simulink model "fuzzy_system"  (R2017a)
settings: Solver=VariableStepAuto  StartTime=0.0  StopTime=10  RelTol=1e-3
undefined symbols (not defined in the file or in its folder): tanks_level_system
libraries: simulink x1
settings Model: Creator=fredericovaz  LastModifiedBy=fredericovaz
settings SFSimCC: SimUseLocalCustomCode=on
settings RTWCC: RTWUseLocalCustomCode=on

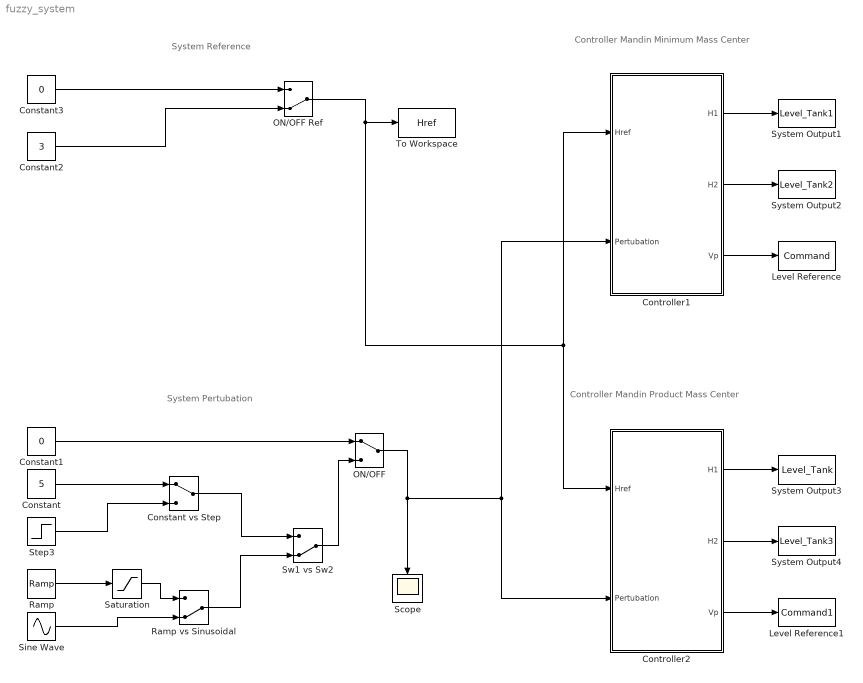
== system fuzzy_system ==
  note: Controller Mandin Minimum Mass Center
  note: Controller Mandin Product Mass Center
  note: System Pertubation
  note: System Reference
  Constant : Constant  Value=5
  Constant vs Step : ManualSwitch
  Constant1 : Constant  Value=0
  Constant2 : Constant  Value=3
  Constant3 : Constant  Value=0
  Controller1 : Subsystem
  Controller2 : Subsystem
  Level Reference : ToWorkspace  VariableName=Command  SaveFormat=Timeseries  SampleTime=-1
  Level Reference1 : ToWorkspace  VariableName=Command1  SaveFormat=Timeseries  SampleTime=-1
  ON/OFF : ManualSwitch
  ON/OFF Ref : ManualSwitch  CurrentSetting=0
  Ramp : simulink/Sources/Ramp  slope=2  start=60  X0=0
  Ramp vs Sinusoidal : ManualSwitch  CurrentSetting=0
  Saturation : Saturate  UpperLimit=5  LowerLimit=0
  Scope : Scope
  Sine Wave : Sin  Amplitude=5  Frequency=20  SampleTime=0
  Step3 : Step  Time=60  After=5  SampleTime=0
  Sw1 vs Sw2 : ManualSwitch  CurrentSetting=0
  System Output1 : ToWorkspace  VariableName=Level_Tank1  SaveFormat=Timeseries  SampleTime=-1
  System Output2 : ToWorkspace  VariableName=Level_Tank2  SaveFormat=Timeseries  SampleTime=-1
  System Output3 : ToWorkspace  VariableName=Level_Tank  SaveFormat=Timeseries  SampleTime=-1
  System Output4 : ToWorkspace  VariableName=Level_Tank3  SaveFormat=Timeseries  SampleTime=-1
  To Workspace : ToWorkspace  VariableName=Href  SaveFormat=Timeseries  SampleTime=-1
  wires:
  ON/OFF Ref/1 -> Controller2/1(Href), Controller1/1(Href), To Workspace/1
  Controller1/2(H2) -> System Output2/1
  Controller1/3(Vp) -> Level Reference/1
  Controller1/1(H1) -> System Output1/1
  Controller2/3(Vp) -> Level Reference1/1
  Controller2/1(H1) -> System Output3/1
  Controller2/2(H2) -> System Output4/1
  ON/OFF/1 -> Scope/1, Controller1/2(Pertubation), Controller2/2(Pertubation)
  Saturation/1 -> Ramp vs Sinusoidal/1
  Constant/1 -> Constant vs Step/1
  Ramp vs Sinusoidal/1 -> Sw1 vs Sw2/2
  Constant vs Step/1 -> Sw1 vs Sw2/1
  Sine Wave/1 -> Ramp vs Sinusoidal/2
  Step3/1 -> Constant vs Step/2
  Ramp/1 -> Saturation/1
  Constant1/1 -> ON/OFF/1
  Sw1 vs Sw2/1 -> ON/OFF/2
  Constant3/1 -> ON/OFF Ref/1
  Constant2/1 -> ON/OFF Ref/2

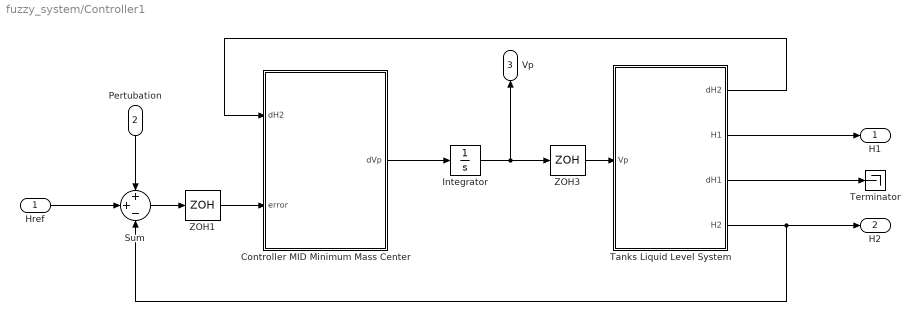
== system fuzzy_system/Controller1 ==
  Href : Inport
  Pertubation : Inport  Port=2
  Controller MID Minimum Mass Center : MATLAB Function  TreatAsAtomicUnit=on
  Integrator : Integrator
  Sum : Sum  Inputs=++-
  Tanks Liquid Level System : Subsystem
  Terminator : Terminator
  ZOH1 : ZeroOrderHold  SampleTime=1e-3
  ZOH3 : ZeroOrderHold  SampleTime=1e-3
  H1 : Outport
  H2 : Outport  Port=2
  Vp : Outport  Port=3
  wires:
  Tanks Liquid Level System/4(H2) -> H2/1, Sum/3
  Tanks Liquid Level System/1(dH2) -> Controller MID Minimum Mass Center/1(dH2)
  Tanks Liquid Level System/2(H1) -> H1/1
  ZOH3/1 -> Tanks Liquid Level System/1(Vp)
  Integrator/1 -> Vp/1, ZOH3/1
  Controller MID Minimum Mass Center/1(dVp) -> Integrator/1
  Tanks Liquid Level System/3("dH1 ") -> Terminator/1
  Sum/1 -> ZOH1/1
  Pertubation/1 -> Sum/1
  Href/1 -> Sum/2
  ZOH1/1 -> Controller MID Minimum Mass Center/2(error)

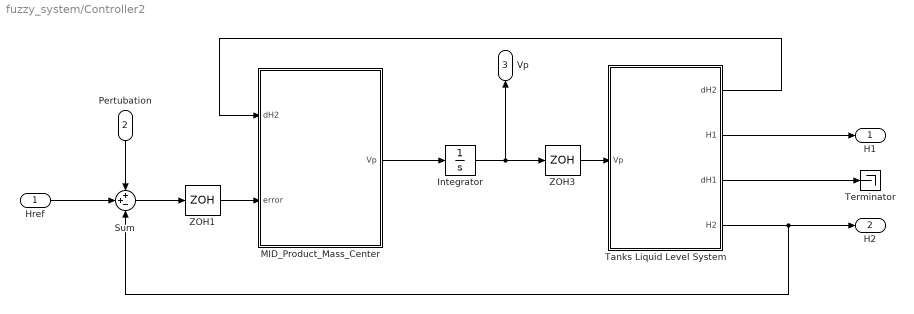
== system fuzzy_system/Controller2 ==
  Href : Inport
  Pertubation : Inport  Port=2
  Integrator : Integrator
  MID_Product_Mass_Center : MATLAB Function  TreatAsAtomicUnit=on
  Sum : Sum  Inputs=++-
  Tanks Liquid Level System : Subsystem
  Terminator : Terminator
  ZOH1 : ZeroOrderHold  SampleTime=1e-3
  ZOH3 : ZeroOrderHold  SampleTime=1e-3
  H1 : Outport
  H2 : Outport  Port=2
  Vp : Outport  Port=3
  wires:
  Tanks Liquid Level System/4(H2) -> H2/1, Sum/3
  Tanks Liquid Level System/1(dH2) -> MID_Product_Mass_Center/1(dH2)
  Tanks Liquid Level System/2(H1) -> H1/1
  ZOH3/1 -> Tanks Liquid Level System/1(Vp)
  ZOH1/1 -> MID_Product_Mass_Center/2(error)
  Sum/1 -> ZOH1/1
  Integrator/1 -> Vp/1, ZOH3/1
  MID_Product_Mass_Center/1(Vp) -> Integrator/1
  Tanks Liquid Level System/3("dH1 ") -> Terminator/1
  Href/1 -> Sum/2
  Pertubation/1 -> Sum/1

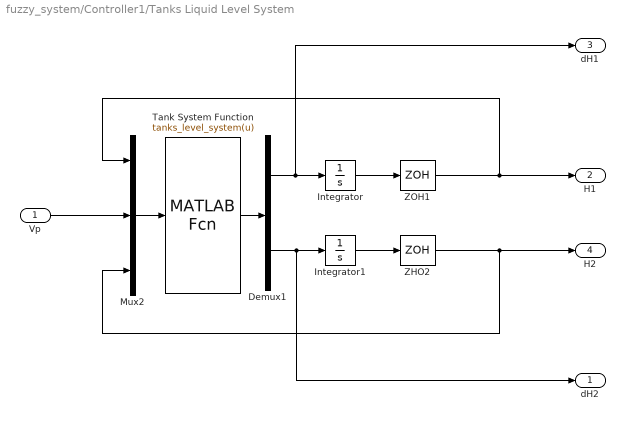
== system fuzzy_system/Controller1/Tanks Liquid Level System ==
  Vp : Inport
  Demux1 : Demux  Outputs=2
  Integrator : Integrator
  Integrator1 : Integrator
  Mux2 : Mux  Inputs=3
  Tank System Function : MATLABFcn  MATLABFcn=tanks_level_system(u)  OutputDimensions=2
  ZHO2 : ZeroOrderHold  SampleTime=1e-3
  ZOH1 : ZeroOrderHold  SampleTime=1e-3
  dH2 : Outport
  H1 : Outport  Port=2
  "dH1 " : Outport  Port=3
  H2 : Outport  Port=4
  wires:
  Demux1/2 -> Integrator1/1, dH2/1
  Integrator1/1 -> ZHO2/1
  Vp/1 -> Mux2/2
  ZHO2/1 -> H2/1, Mux2/3
  Integrator/1 -> ZOH1/1
  Tank System Function/1 -> Demux1/1
  ZOH1/1 -> H1/1, Mux2/1
  Demux1/1 -> Integrator/1, "dH1 "/1
  Mux2/1 -> Tank System Function/1

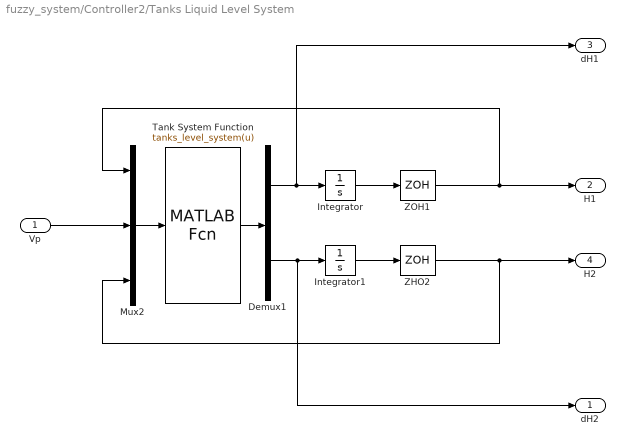
== system fuzzy_system/Controller2/Tanks Liquid Level System ==
  Vp : Inport
  Demux1 : Demux  Outputs=2
  Integrator : Integrator
  Integrator1 : Integrator
  Mux2 : Mux  Inputs=3
  Tank System Function : MATLABFcn  MATLABFcn=tanks_level_system(u)  OutputDimensions=2
  ZHO2 : ZeroOrderHold  SampleTime=1e-3
  ZOH1 : ZeroOrderHold  SampleTime=1e-3
  dH2 : Outport
  H1 : Outport  Port=2
  "dH1 " : Outport  Port=3
  H2 : Outport  Port=4
  wires:
  Demux1/2 -> Integrator1/1, dH2/1
  Integrator1/1 -> ZHO2/1
  Vp/1 -> Mux2/2
  ZHO2/1 -> H2/1, Mux2/3
  Integrator/1 -> ZOH1/1
  Tank System Function/1 -> Demux1/1
  ZOH1/1 -> H1/1, Mux2/1
  Demux1/1 -> Integrator/1, "dH1 "/1
  Mux2/1 -> Tank System Function/1

== matlab function fuzzy_system/Controller2/MID_Product_Mass_Center ==
  data: dH2 input; error input; Vp output

%%

function Vp  = fcn(dH2, error)


Vp = error;


end

== matlab function fuzzy_system/Controller1/Controller MID Minimum Mass Center ==
  data: dH2 input; dVp output; error input

function dVp  = fcn(dH2, error)
%% Controller Minimum Mass Center Function
%   - Triangular Diffuser
%   - Motor de Inferência de Mínimo
%   - Desdifusor por Centro de Massa

%--------------------------------------------------------------------------
% Diffusers and Trust Values
%--------------------------------------------------------------------------
% Calculo dos valores de pertença em cada conjundo difuso


% Error between Reference (Href) and Tank2 Level (H2) 
error_MH = error_MuchHigher(error);                     % Much Higher
error_M = error_Higher(error);                          % Higher 
error_C = error_Close(error);                           % Close
error_L = error_Lower(error);                           % Lower
error_ML = error_MuchLower(error);                      % Much Lower


% Tank2 Level Variation: dH2 
dH2_DF = dH2_DownFast(dH2);                             % Down Fast
dH2_D = dH2_Down(dH2);                                  % Down
dH2_S = dH2_Slow(dH2);                                  % Slow
dH2_U = dH2_Up(dH2);                                    % Up
dH2_UF = dH2_UpFast(dH2);                               % Up Fast


%--------------------------------------------------------------------------
% IF THEN Rules
%--------------------------------------------------------------------------
rule01 = min( error_MH, dH2_DF ); 
rule02 = min( error_MH, dH2_D );
rule03 = min( error_MH, dH2_S );
rule04 = min( error_MH, dH2_U );
rule05 = min( error_MH, dH2_UF );

rule06 = min( error_H, dH2_DF );
rule07 = min( error_H, dH2_D );
rule08 = min( error_H, dH2_S );
rule09 = min( error_H, dH2_U );
rule10 = min( error_H, dH2_UF );

rule11 = min( error_C, dH2_DF );
rule12 = min( error_C, dH2_D );
rule13 = min( error_C, dH2_S );
rule14 = min( error_C, dH2_U );
rule15 = min( error_C, dH2_UF );

rule16 = min( error_L, dH2_DF );
rule17 = min( error_L, dH2_D );
rule18 = min( error_L, dH2_S );
rule19 = min( error_L, dH2_U );
rule20 = min( error_L, dH2_UF );

rule21 = min( error_ML, dH2_DF );
rule22 = min( error_ML, dH2_D );
rule23 = min( error_ML, dH2_S );
rule24 = min( error_ML, dH2_U );
rule25 = min( error_ML, dH2_UF );

%--------------------------------------------------------------------------
% MID Mamdani min
%--------------------------------------------------------------------------
% Motor de Inferência Difusa de Mínimo onde
% A t-norma escolhida é o min
% A s-norma escolha é o max

dVp_DecM = max([rule11 rule12 rule13 rule14 rule17]);  % Large Decrements
dVp_Dec = max([rule10 rule15]);                        % Decrements 
dVp_M = max([rule06 rule09 rule16]);                   % Keeps
dVp_Inc = max([rule05 rule08]);                        % Increase
dVp_IncM = max([rule01 rule02 rule03 rule04 rule07]);  % Large Increase



%--------------------------------------------------------------------------
% Difuzzifier: Desdifusor Centro Gravidade
%--------------------------------------------------------------------------
% Onde in é a saída do MID e o x usado é o intervalo do universo de discurso de dV
% discretizado. Ou seja, x = -k:0.01:k, em que k é definido no ficheiro do
% controlador que junta as peças que constituem o mesmo. Neste caso, k = 4.

% dv = Desdifusor_Centro_Gravidade(cds, x);

k = 4;
x = -k:0.01:k;

dVp = sum(x.*in)/sum(in);


Vp = error;

end



%--------------------------------------------------------------------------
% Init
%--------------------------------------------------------------------------

% dH2_ = zeros(5);
% error_ = zeros(5);


% % Error between -100 and 100
% error = ((Href - H2)/100)*100;
% 
% % Normalized dH2
% dH2_norm = dH2/abs(error);


%--------------------------------------------------------------------------
% Diffusers
%--------------------------------------------------------------------------

% Tank2 Level Variation: dH2 

% [ dif_MU,dif_U,dif_A,dif_D,dif_MD ] = fuzzy1();
% 
% % More UP
% % UP
% % Slow
% % Down
% % More Down
% 
% % Voltage Motor Variation: dVp
% [ DM, dif_D, M, I, IM] = fuzzy2();


%--------------------------------------------------------------------------
% Trust Values
%--------------------------------------------------------------------------
================================
WHAT NEEDS TO BE DONE: Search the records for the string "Higher" and report each line that has it.

RESULT:
error_MH = error_MuchHigher(error);                     % Much Higher
error_M = error_Higher(error);                          % Higher 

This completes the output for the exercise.